*Exercise instructions*. Transcribe the records below word for word, leaving every picture out.

Records excerpted from a collection
- - - - - - -
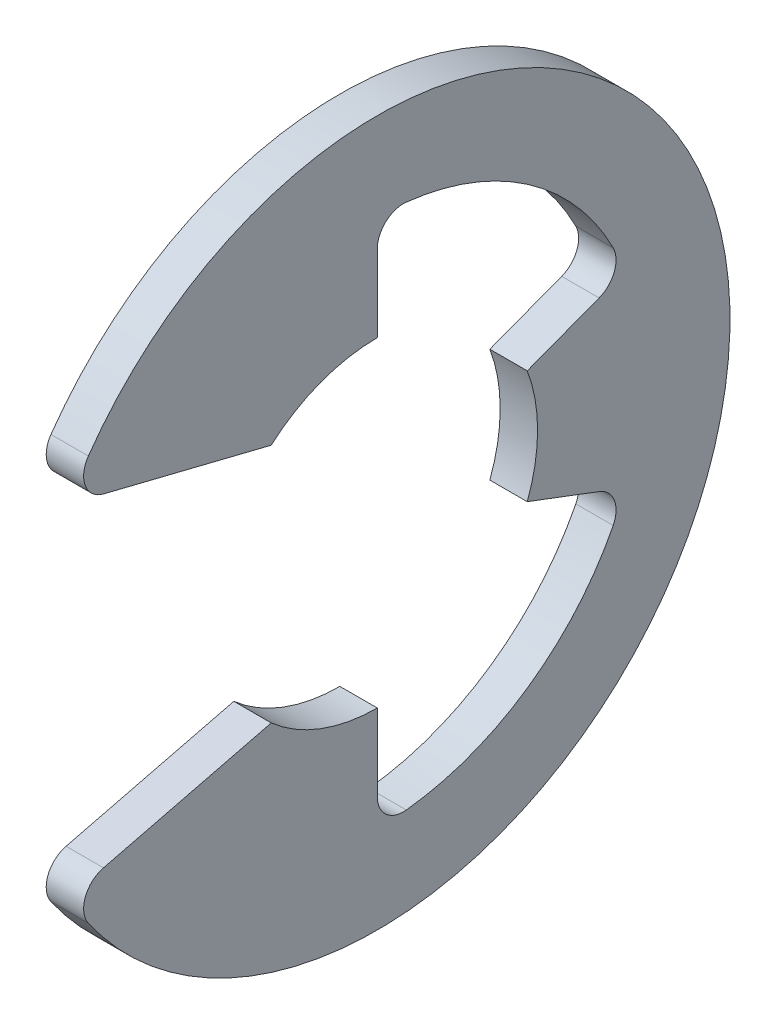
SolidWorks part; units mm, degrees
ref_plane "Front" through (0, 0, 0) normal (0, 0, 1) x (1, 0, 0)
ref_plane "Top" through (0, 0, 0) normal (0, 1, 0) x (1, 0, 0)
ref_plane "Right" through (0, 0, 0) normal (1, 0, 0) x (0, 0, -1)
sketch "Sketch1" plane through (0, 0, 0) normal (1, 0, 0) x (0, 0, -1)
  line L0 (-7.3368, -4.0533) -> (-2.5201, -2.8575)
  line L1 (-7.3368, 4.0533) -> (-2.5201, 2.8575)
  line L2 (0, -3.81) -> (0, -6.2926)
  line L3 (0, 3.81) -> (0, 6.2926)
  line L4 (3.5639, -1.347) -> (5.8862, -2.2248)
  line L5 (3.5639, 1.347) -> (5.8862, 2.2248)
  line L6 (0, 0) -> (-8.636, 0) construction
  line L7 (3.5639, 1.347) -> (3.5639, -1.347) construction
  line L8 (0, -3.81) -> (-2.5201, -2.8575) construction
  line L9 (0, 8.382) -> (0, -8.382) construction
  circle A1 centre (0, 0) radius 8.636 construction
  circle A2 centre (0, 0) radius 3.81 construction
  arc A3 (-7.3368, -4.0533) -> (-7.3368, 4.0533) centre (0, 0) ccw
  arc A4 (-2.5201, -2.8575) -> (0, -3.81) centre (0, 0) ccw
  arc A5 (-2.5201, 2.8575) -> (0, 3.81) centre (0, 0) cw
  arc A6 (3.5639, 1.347) -> (3.5639, -1.347) centre (0, 0) cw
  arc A7 (0, -6.2926) -> (5.8862, -2.2248) centre (0, 0) ccw
  arc A8 (5.8862, 2.2248) -> (0, 6.2926) centre (0, 0) ccw
  dimension "D" = 7.62
  dimension "D1" = 6.2926
  dimension "OD" = 16.764
  dimension "D2" = 4.3322
  dimension "D3" = 5.715
extrude "Extrude1" add sketch "Sketch1" along normal mid plane 0.889
fillet "Fillet1" radius 0.6223 6 edges at (0, -6.2926, 0) (0, 6.2926, 0) (0, -4.0533, 7.3368) (0, 4.0533, 7.3368) (0, -2.2248, -5.8862) (0, 2.2248, -5.8862)
sketch "Sketch3" plane through (0, 0, 0) normal (0, 1, 0) x (1, 0, 0)
  line L0 (0.4953, 4.7625) -> (0.4953, 3.8481)
  line L1 (0.4953, 3.8481) -> (-0.4953, 3.8481)
  line L2 (-0.4953, 3.8481) -> (-0.4953, 4.7625)
  line L3 (-0.4953, 4.7625) -> (-10.6489, 4.7625)
  line L4 (4.21, 0) -> (4.21, 4.3053)
  line L5 (-10.6489, 4.7625) -> (-10.6489, 0)
  line L6 (-10.6489, 0) -> (4.21, 0)
  line L8 (4.21, 0) -> (4.21, 4.7625) construction
  line L9 (4.21, 4.7625) -> (0.4953, 4.7625) construction
  line L10 (4.21, 0) -> (17.2631, 0) construction
  line L11 (4.21, 4.3053) -> (3.7528, 4.7625)
  line L12 (3.7528, 4.7625) -> (0.4953, 4.7625)
  point P2 (0, 3.8481)
  point P5 (0.4953, 4.3053)
  dimension "D2" = 14.859
  dimension "D1" = 3.7147
  dimension "D3" = 45
revolve "Revolve2" [suppressed] add sketch "Sketch3" angle 360 about L10
equation "\"D2@Sketch3\" = \"W@Sketch3\"*15"
equation "\"D1@Sketch3\" = \"D2@Sketch3\"/4"
equation "\"D1@Sketch1\" = (\"OD@Sketch1\"+\"D@Sketch1\")/3.875"
equation "\"D3@Sketch1\" = \"D@Sketch1\"*.75"
equation "\"D1@Fillet1\" = \"D1@Extrude1\"*.7"
- - - - - - -
*Answer to this task*.
SolidWorks part; units mm, degrees
ref_plane "Front" through (0, 0, 0) normal (0, 0, 1) x (1, 0, 0)
ref_plane "Top" through (0, 0, 0) normal (0, 1, 0) x (1, 0, 0)
ref_plane "Right" through (0, 0, 0) normal (1, 0, 0) x (0, 0, -1)
sketch "Sketch1" plane through (0, 0, 0) normal (1, 0, 0) x (0, 0, -1)
  line L0 (-7.3368, -4.0533) -> (-2.5201, -2.8575)
  line L1 (-7.3368, 4.0533) -> (-2.5201, 2.8575)
  line L2 (0, -3.81) -> (0, -6.2926)
  line L3 (0, 3.81) -> (0, 6.2926)
  line L4 (3.5639, -1.347) -> (5.8862, -2.2248)
  line L5 (3.5639, 1.347) -> (5.8862, 2.2248)
  line L6 (0, 0) -> (-8.636, 0) construction
  line L7 (3.5639, 1.347) -> (3.5639, -1.347) construction
  line L8 (0, -3.81) -> (-2.5201, -2.8575) construction
  line L9 (0, 8.382) -> (0, -8.382) construction
  circle A1 centre (0, 0) radius 8.636 construction
  circle A2 centre (0, 0) radius 3.81 construction
  arc A3 (-7.3368, -4.0533) -> (-7.3368, 4.0533) centre (0, 0) ccw
  arc A4 (-2.5201, -2.8575) -> (0, -3.81) centre (0, 0) ccw
  arc A5 (-2.5201, 2.8575) -> (0, 3.81) centre (0, 0) cw
  arc A6 (3.5639, 1.347) -> (3.5639, -1.347) centre (0, 0) cw
  arc A7 (0, -6.2926) -> (5.8862, -2.2248) centre (0, 0) ccw
  arc A8 (5.8862, 2.2248) -> (0, 6.2926) centre (0, 0) ccw
  dimension "D" = 7.62
  dimension "D1" = 6.2926
  dimension "OD" = 16.764
  dimension "D2" = 4.3322
  dimension "D3" = 5.715
extrude "Extrude1" add sketch "Sketch1" along normal mid plane 0.889
fillet "Fillet1" radius 0.6223 6 edges at (0, -6.2926, 0) (0, 6.2926, 0) (0, -4.0533, 7.3368) (0, 4.0533, 7.3368) (0, -2.2248, -5.8862) (0, 2.2248, -5.8862)
sketch "Sketch3" plane through (0, 0, 0) normal (0, 1, 0) x (1, 0, 0)
  line L0 (0.4953, 4.7625) -> (0.4953, 3.8481)
  line L1 (0.4953, 3.8481) -> (-0.4953, 3.8481)
  line L2 (-0.4953, 3.8481) -> (-0.4953, 4.7625)
  line L3 (-0.4953, 4.7625) -> (-10.6489, 4.7625)
  line L4 (4.21, 0) -> (4.21, 4.3053)
  line L5 (-10.6489, 4.7625) -> (-10.6489, 0)
  line L6 (-10.6489, 0) -> (4.21, 0)
  line L8 (4.21, 0) -> (4.21, 4.7625) construction
  line L9 (4.21, 4.7625) -> (0.4953, 4.7625) construction
  line L10 (4.21, 0) -> (17.2631, 0) construction
  line L11 (4.21, 4.3053) -> (3.7528, 4.7625)
  line L12 (3.7528, 4.7625) -> (0.4953, 4.7625)
  point P2 (0, 3.8481)
  point P5 (0.4953, 4.3053)
  dimension "D2" = 14.859
  dimension "D1" = 3.7147
  dimension "D3" = 45
revolve "Revolve2" [suppressed] add sketch "Sketch3" angle 360 about L10
equation "\"D2@Sketch3\" = \"W@Sketch3\"*15"
equation "\"D1@Sketch3\" = \"D2@Sketch3\"/4"
equation "\"D1@Sketch1\" = (\"OD@Sketch1\"+\"D@Sketch1\")/3.875"
equation "\"D3@Sketch1\" = \"D@Sketch1\"*.75"
equation "\"D1@Fillet1\" = \"D1@Extrude1\"*.7"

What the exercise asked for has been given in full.